Но сегодня назревает нечто. Толя просит внимания:

– Нет ни еврея, ни арапа, ни грома с молнией, дождя, страшнее нет, ребята, храпа вчера поддавшего вождя. Пока он всю округу мает таким звучанием своим, все племя грозно понимает: переворот неотвратим. И будет новая эпоха, другой устав, другой закон и что уже царем Горохом в Горохове не будет он.

– А кто вождь?
– спрашиваем все мы.
– Бригадир?

– Пока не знаю, - отвечает Толя, - но излагаю точку зрения: что такое бригадир? Говоря по-рабоче-крестьянски, бугор, шишка на ровном месте, говоря по-уголовному,

пахан, говоря по-демократически, авторитет. Все это хило, не мило, уныло. Нужна яркость в названии. Кто он, наш любимый, все понимающий, во все вникающий, единственный, безальтернативный, ведущий за собой? Как, как его назвать? Главарь, атаман, закоперщик, вдохновитель и организатор всех наших побед? Как?
– Толя делает мхатовскую паузу. Мы молчим.
– Имя ему я уже провозгласил в стихах. Цитирую из себя: «вчера поддавшего вождя». Имя ему как?.. Вождь!

Мы и так давно считаем его вождем, но не было же общих демократических выборов. Пока он нелегитимен.
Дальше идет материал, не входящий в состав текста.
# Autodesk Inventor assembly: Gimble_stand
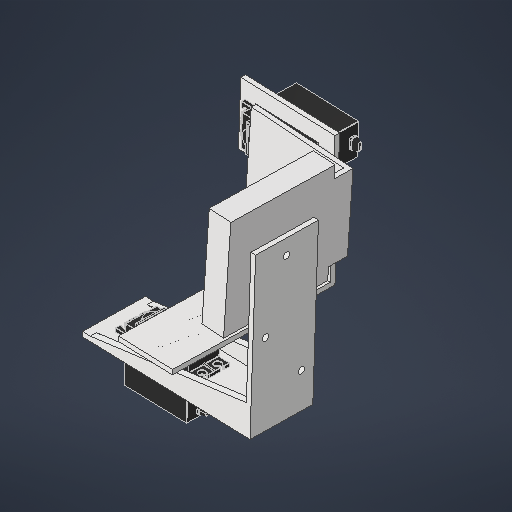
[picture p0: Inventor's stored thumbnail of the model, 512x512]
Saved by Autodesk Inventor 2026 (Build 300175000, 175)
## iProperties
Created: 2025-06-29
Part Number: Gimble_stand
Document SubType Name: Assembly
Designer: user
Author: user
## Documents named in this file (6)
- C:\Users\user\OneDrive - Ashesi University\third_year\System Engineering\Project\ping_pong_mechanism\Gimble_stand.iam
- C:\Users\user\OneDrive - Ashesi University\third_year\System Engineering\Project\ping_pong_mechanism\Servo Futaba S3003 v6\Servo Futaba S3003 v6\Part4.ipt
- C:\Users\user\OneDrive - Ashesi University\third_year\System Engineering\Project\ping_pong_mechanism\pan_base_holder_first.ipt
- C:\Users\user\OneDrive - Ashesi University\third_year\System Engineering\Project\ping_pong_mechanism\servo_motor_header.ipt
- C:\Users\user\OneDrive - Ashesi University\third_year\System Engineering\Project\ping_pong_mechanism\pan_base_holder_v1.ipt
- C:\Users\user\OneDrive - Ashesi University\third_year\System Engineering\Project\ping_pong_mechanism\pan_base_holder_third_v2.ipt
## Components (7 placed, 5 different names)
1. Part4:1 — Mate:2, Mate:3, Mate:4, Mate:5, Mate:6
2. pan_base_holder_first:1 — Mate:2, Mate:3, Mate:4
3. servo_motor_header:1 — Mate:5, Mate:6, Mate:7, Mate:8, Mate:9
4. pan_base_holder_v1:1 — Mate:7, Mate:8, Mate:9, Mate:10, Mate:11, Mate:12
5. Part4:2 — Mate:10, Mate:11, Mate:12, Mate:13, Mate:14
6. servo_motor_header:2 — Mate:13, Mate:14, Mate:15, Mate:16, Mate:17
7. pan_base_holder_third_v2:1 — Mate:15, Mate:16, Mate:17
## Relationships (16: Mate 16)
- Mate:2: Part4:1 ↔ pan_base_holder_first:1
- Mate:3 (0.5 mm): Part4:1 ↔ pan_base_holder_first:1
- Mate:4 (0.25 mm): Part4:1 ↔ pan_base_holder_first:1
- Mate:5: Part4:1 ↔ servo_motor_header:1
- Mate:6: Part4:1 ↔ servo_motor_header:1
- Mate:7: servo_motor_header:1 ↔ pan_base_holder_v1:1
- Mate:8: servo_motor_header:1 ↔ pan_base_holder_v1:1
- Mate:9: servo_motor_header:1 ↔ pan_base_holder_v1:1
- Mate:10: pan_base_holder_v1:1 ↔ Part4:2
- Mate:11 (0.5 mm): pan_base_holder_v1:1 ↔ Part4:2
- Mate:12 (0.25 mm): pan_base_holder_v1:1 ↔ Part4:2
- Mate:13: Part4:2 ↔ servo_motor_header:2
- Mate:14: Part4:2 ↔ servo_motor_header:2
- Mate:15: servo_motor_header:2 ↔ pan_base_holder_third_v2:1
- Mate:16: servo_motor_header:2 ↔ pan_base_holder_third_v2:1
- Mate:17: servo_motor_header:2 ↔ pan_base_holder_third_v2:1

– Ну, ребенки, - стесняется бригадир.

– А ты решил, что ты уже вождь?
– вопрошает Толя.
– По менталитету ты тянешь, а по харизме? Выбирать надо вождя, выбирать, а ты самопровозглашаешься. Самоидентифицируешься. Рановато презенти-руешься. Преждевременно себя вождем позиционируешь.

Бородатый Саша рассуждает:

– У нас бригадир больше как вроде завхоз. А вождь понятие ранне- и средневековое плюс Ленин-Сталин. И как совместить?

– Сейчас надо не умничать, а раздеваться и осматриваться от клещей, - сурово говорит Анатолий.
– Клещ ползает два часа перед тем, как впиться. Два часа дано на его обнаружение. Надо слушать зуд.

– Племя в груду, слушай зуду, - тут же возглашает Толя.
– Главный труд - слушать зуд. О, дождь, на плешь нам не плещи, по нам скитаются клещи.

И в самом деле накрапывает дождик. Дождинки, падая на костер, как бы вспыхивают, вздыхают коротко.

Клещей на телах не обнаружено. Идем в храм на вечернее правило. Ваня не хочет идти спать, тоже идет с нами. Леша доволен сыном, сообщает:

– И души и тела чисты, шагаем в церковь я и ты.

Толя:

– Я плакал около березы, и гас костер, приемля слезы.

Володя подсобляет свергать бригадира:

– Кто первым был, тот стал последним, но сохраняет нервы средний.

Зажигаем свечки. Кажется, только что читали вечернее правило, а

сутки пролетели. То есть они были длинными, не как в городе, здесь время протяжнее, но все равно летящее. Еще три дня, и пойдем со всеми дальше, в Великорецкое. Завтра они выходят из Вятки.

Перед сном ходил за водой для утреннего чая. В лесу, наедине с собой, громко, не стесняясь своего плохого голоса, запел. Птицы смолкли. То ли испугались, то ли заслушались. «Настало время мое».

* * *

Под холоднющим дождем пришлось идти в другой раз. Думали, машина довезет. Как и в тот раз, забуксовала. Вытаскивали. Еще попытались ехать, вообще сели. Вытаскивали. Все в глине. Дождь хлещет. Вещи разобрали, надо идти.

– Господь труды любит, - говорит вождь.
– А вы комфорта хотели. Крестоходцы это не крестоедцы.

Никто иначе и не думает. Не идем, а ползем. Не до разговоров. Усталость полезна. Молитва усиливается. Отдых под деревом. Знаем, в вещах не только продовольствие, топоры, лопаты, пила и гвозди, но и лекарство от простуды. Молчим. А как вождь? Молчит. Спасает поэт: «Глас вопиющих из-под ели вождь слышал. Только еле-еле».

Вождь, выдержав мхатовскую паузу, отмеряет по полпорции. Читаем «Отче наш». Малостью подношения не оскорбляемся. Это только начать. И поэт вскоре: «Таким людям нельзя не восхищаться, когда с им^м я вынужден общаться». Вождь ценит поэзию, наливает. Да и нести будет полегче, груз уменьшается.